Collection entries
------
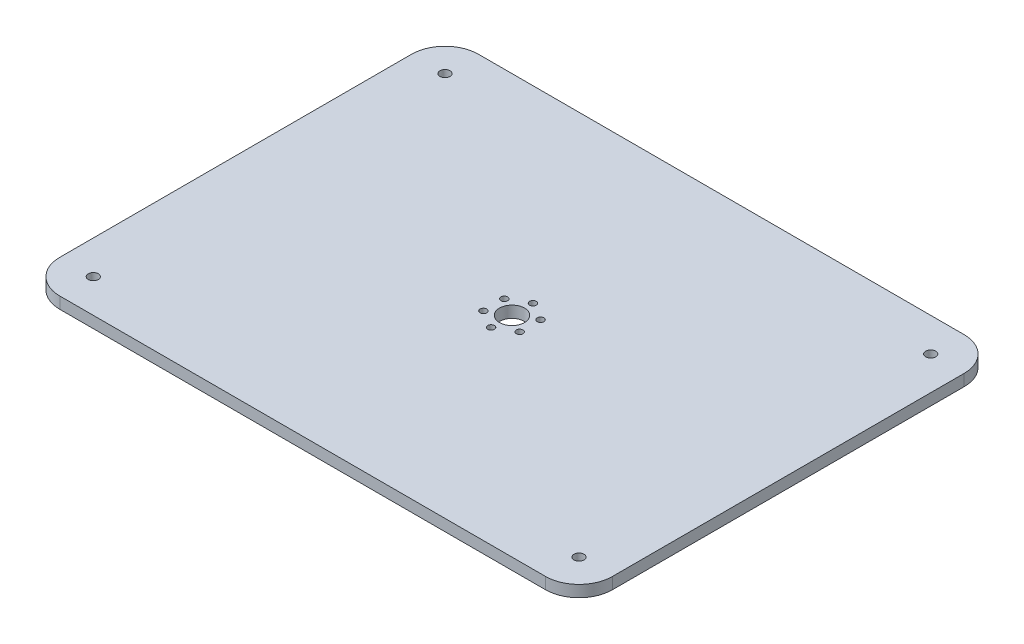
SolidWorks part; units mm, degrees
material "Delrin 2700 NC010, Low Viscosity Acetal Copolymer (SS)"
ref_plane "Front Plane" through (0, 0, 0) normal (0, 0, 1) x (1, 0, 0)
ref_plane "Top Plane" through (0, 0, 0) normal (0, 1, 0) x (1, 0, 0)
ref_plane "Right Plane" through (0, 0, 0) normal (1, 0, 0) x (0, 0, -1)
sketch "Sketch1" plane through (0, 0, 0) normal (0, 1, 0) x (1, 0, 0)
  line L0 (165, 125) -> (-165, -125) construction
  line L5 (-165, -125) -> (165, -125)
  line L6 (-165, -125) -> (-165, 125)
  line L7 (-165, 125) -> (165, 125)
  line L8 (165, -125) -> (165, 125)
  point P5 (0, 0)
  dimension "D1" = 330
  dimension "D2" = 250
extrude "Boss-Extrude1" add sketch "Sketch1" along normal blind 6.9
sketch "Sketch2" plane through (0, 6.9, 0) normal (0, 1, 0) x (1, 0, 0)
  line L0 (145, 105) -> (-145, -105) construction
  line L1 (-145, 105) -> (145, 105) construction
  line L2 (-145, 105) -> (-145, -105) construction
  line L3 (-145, -105) -> (145, -105) construction
  line L4 (145, 105) -> (145, -105) construction
  line L5 (0, 105) -> (0, 125) construction
  line L6 (165, 125) -> (-165, 125) construction
  line L8 (-145, 0) -> (-165, 0) construction
  line L9 (-165, 125) -> (-165, -125) construction
  circle A0 centre (-145, 105) radius 3
  circle A1 centre (145, 105) radius 3
  circle A2 centre (145, -105) radius 3
  circle A3 centre (-145, -105) radius 3
  point P4 (0, 0)
  dimension "D2" = 6
  dimension "D1" = 20
extrude "Cut-Extrude1" cut sketch "Sketch2" against normal through all
sketch "Sketch3" plane through (0, 6.9, 0) normal (0, 1, 0) x (1, 0, 0)
  line L0 (0, 0) -> (0, 12.5) construction
  circle A0 centre (0, 0) radius 12.5 construction
  circle A1 centre (0, 12.5) radius 2
  circle A2 centre (10.8253, 6.25) radius 2
  circle A3 centre (10.8253, -6.25) radius 2
  circle A4 centre (0, -12.5) radius 2
  circle A5 centre (-10.8253, -6.25) radius 2
  circle A6 centre (-10.8253, 6.25) radius 2
  circle A7 centre (0, 0) radius 7.5
  dimension "D3" = 4
  dimension "D4" = 15
  dimension "D2" = 12.5
  dimension "D1" = 6
extrude "Cut-Extrude2" cut sketch "Sketch3" against normal through all
fillet "Fillet1" radius 20 4 edges at (165, 3.45, -125) (-165, 3.45, -125) (-165, 3.45, 125) (165, 3.45, 125)
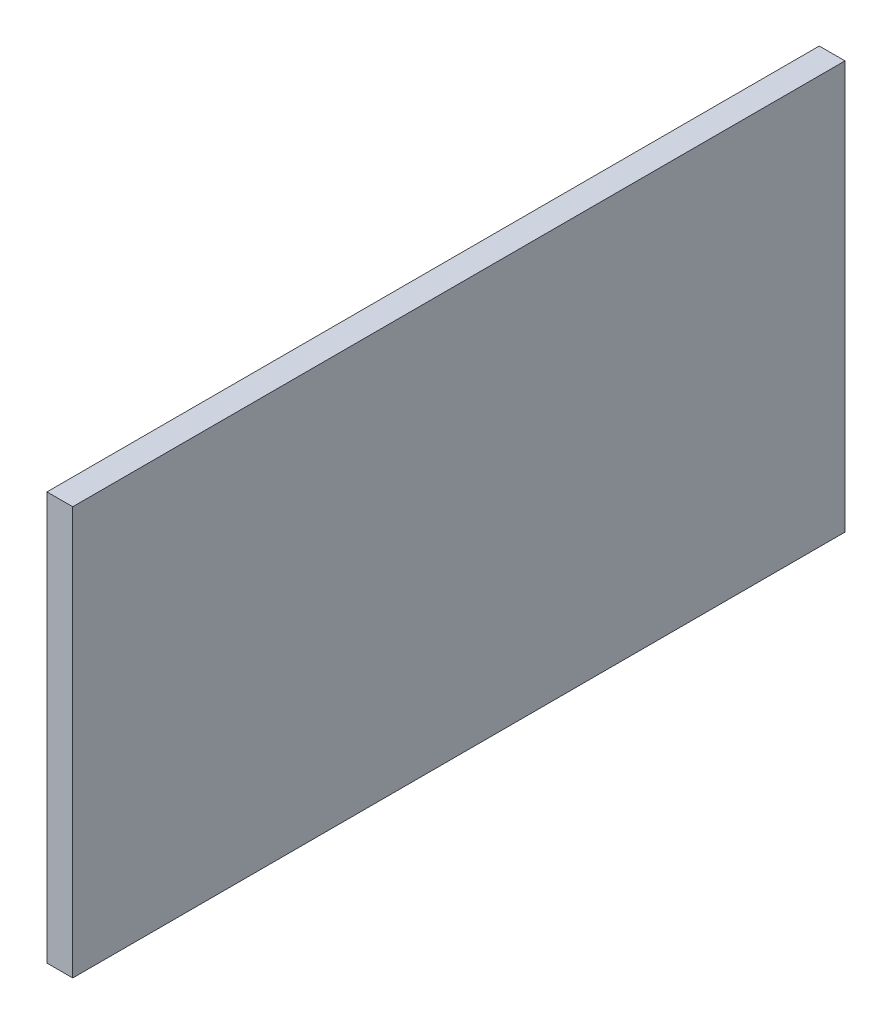
SolidWorks part; units mm, degrees
ref_plane "Front Plane" through (0, 0, 0) normal (0, 0, 1) x (1, 0, 0)
ref_plane "Top Plane" through (0, 0, 0) normal (0, 1, 0) x (1, 0, 0)
ref_plane "Right Plane" through (0, 0, 0) normal (1, 0, 0) x (0, 0, -1)
sketch "Sketch1" plane through (0, 0, 0) normal (1, 0, 0) x (0, 0, -1)
  line L1 (-187.5, 99.085) -> (187.5, 99.085)
  line L2 (-187.5, 99.085) -> (-187.5, -99.085)
  line L3 (-187.5, -99.085) -> (187.5, -99.085)
  line L4 (187.5, 99.085) -> (187.5, -99.085)
  line L5 (-187.5, 99.085) -> (187.5, -99.085) construction
  line L6 (-187.5, -99.085) -> (187.5, 99.085) construction
  point P0 (0, 0)
  dimension "D1" = 375
  dimension "D2" = 198.17
extrude "Boss-Extrude1" add sketch "Sketch1" along normal blind 12.5
------
**To do**
Write out the records above exactly as they stand, leaving out every picture.

**Final answer**
SolidWorks part; units mm, degrees
material "Delrin 2700 NC010, Low Viscosity Acetal Copolymer (SS)"
ref_plane "Front Plane" through (0, 0, 0) normal (0, 0, 1) x (1, 0, 0)
ref_plane "Top Plane" through (0, 0, 0) normal (0, 1, 0) x (1, 0, 0)
ref_plane "Right Plane" through (0, 0, 0) normal (1, 0, 0) x (0, 0, -1)
sketch "Sketch1" plane through (0, 0, 0) normal (0, 1, 0) x (1, 0, 0)
  line L0 (165, 125) -> (-165, -125) construction
  line L5 (-165, -125) -> (165, -125)
  line L6 (-165, -125) -> (-165, 125)
  line L7 (-165, 125) -> (165, 125)
  line L8 (165, -125) -> (165, 125)
  point P5 (0, 0)
  dimension "D1" = 330
  dimension "D2" = 250
extrude "Boss-Extrude1" add sketch "Sketch1" along normal blind 6.9
sketch "Sketch2" plane through (0, 6.9, 0) normal (0, 1, 0) x (1, 0, 0)
  line L0 (145, 105) -> (-145, -105) construction
  line L1 (-145, 105) -> (145, 105) construction
  line L2 (-145, 105) -> (-145, -105) construction
  line L3 (-145, -105) -> (145, -105) construction
  line L4 (145, 105) -> (145, -105) construction
  line L5 (0, 105) -> (0, 125) construction
  line L6 (165, 125) -> (-165, 125) construction
  line L8 (-145, 0) -> (-165, 0) construction
  line L9 (-165, 125) -> (-165, -125) construction
  circle A0 centre (-145, 105) radius 3
  circle A1 centre (145, 105) radius 3
  circle A2 centre (145, -105) radius 3
  circle A3 centre (-145, -105) radius 3
  point P4 (0, 0)
  dimension "D2" = 6
  dimension "D1" = 20
extrude "Cut-Extrude1" cut sketch "Sketch2" against normal through all
sketch "Sketch3" plane through (0, 6.9, 0) normal (0, 1, 0) x (1, 0, 0)
  line L0 (0, 0) -> (0, 12.5) construction
  circle A0 centre (0, 0) radius 12.5 construction
  circle A1 centre (0, 12.5) radius 2
  circle A2 centre (10.8253, 6.25) radius 2
  circle A3 centre (10.8253, -6.25) radius 2
  circle A4 centre (0, -12.5) radius 2
  circle A5 centre (-10.8253, -6.25) radius 2
  circle A6 centre (-10.8253, 6.25) radius 2
  circle A7 centre (0, 0) radius 7.5
  dimension "D3" = 4
  dimension "D4" = 15
  dimension "D2" = 12.5
  dimension "D1" = 6
extrude "Cut-Extrude2" cut sketch "Sketch3" against normal through all
fillet "Fillet1" radius 20 4 edges at (165, 3.45, -125) (-165, 3.45, -125) (-165, 3.45, 125) (165, 3.45, 125)
SolidWorks part; units mm, degrees
ref_plane "Front Plane" through (0, 0, 0) normal (0, 0, 1) x (1, 0, 0)
ref_plane "Top Plane" through (0, 0, 0) normal (0, 1, 0) x (1, 0, 0)
ref_plane "Right Plane" through (0, 0, 0) normal (1, 0, 0) x (0, 0, -1)
sketch "Sketch1" plane through (0, 0, 0) normal (1, 0, 0) x (0, 0, -1)
  line L1 (-187.5, 99.085) -> (187.5, 99.085)
  line L2 (-187.5, 99.085) -> (-187.5, -99.085)
  line L3 (-187.5, -99.085) -> (187.5, -99.085)
  line L4 (187.5, 99.085) -> (187.5, -99.085)
  line L5 (-187.5, 99.085) -> (187.5, -99.085) construction
  line L6 (-187.5, -99.085) -> (187.5, 99.085) construction
  point P0 (0, 0)
  dimension "D1" = 375
  dimension "D2" = 198.17
extrude "Boss-Extrude1" add sketch "Sketch1" along normal blind 12.5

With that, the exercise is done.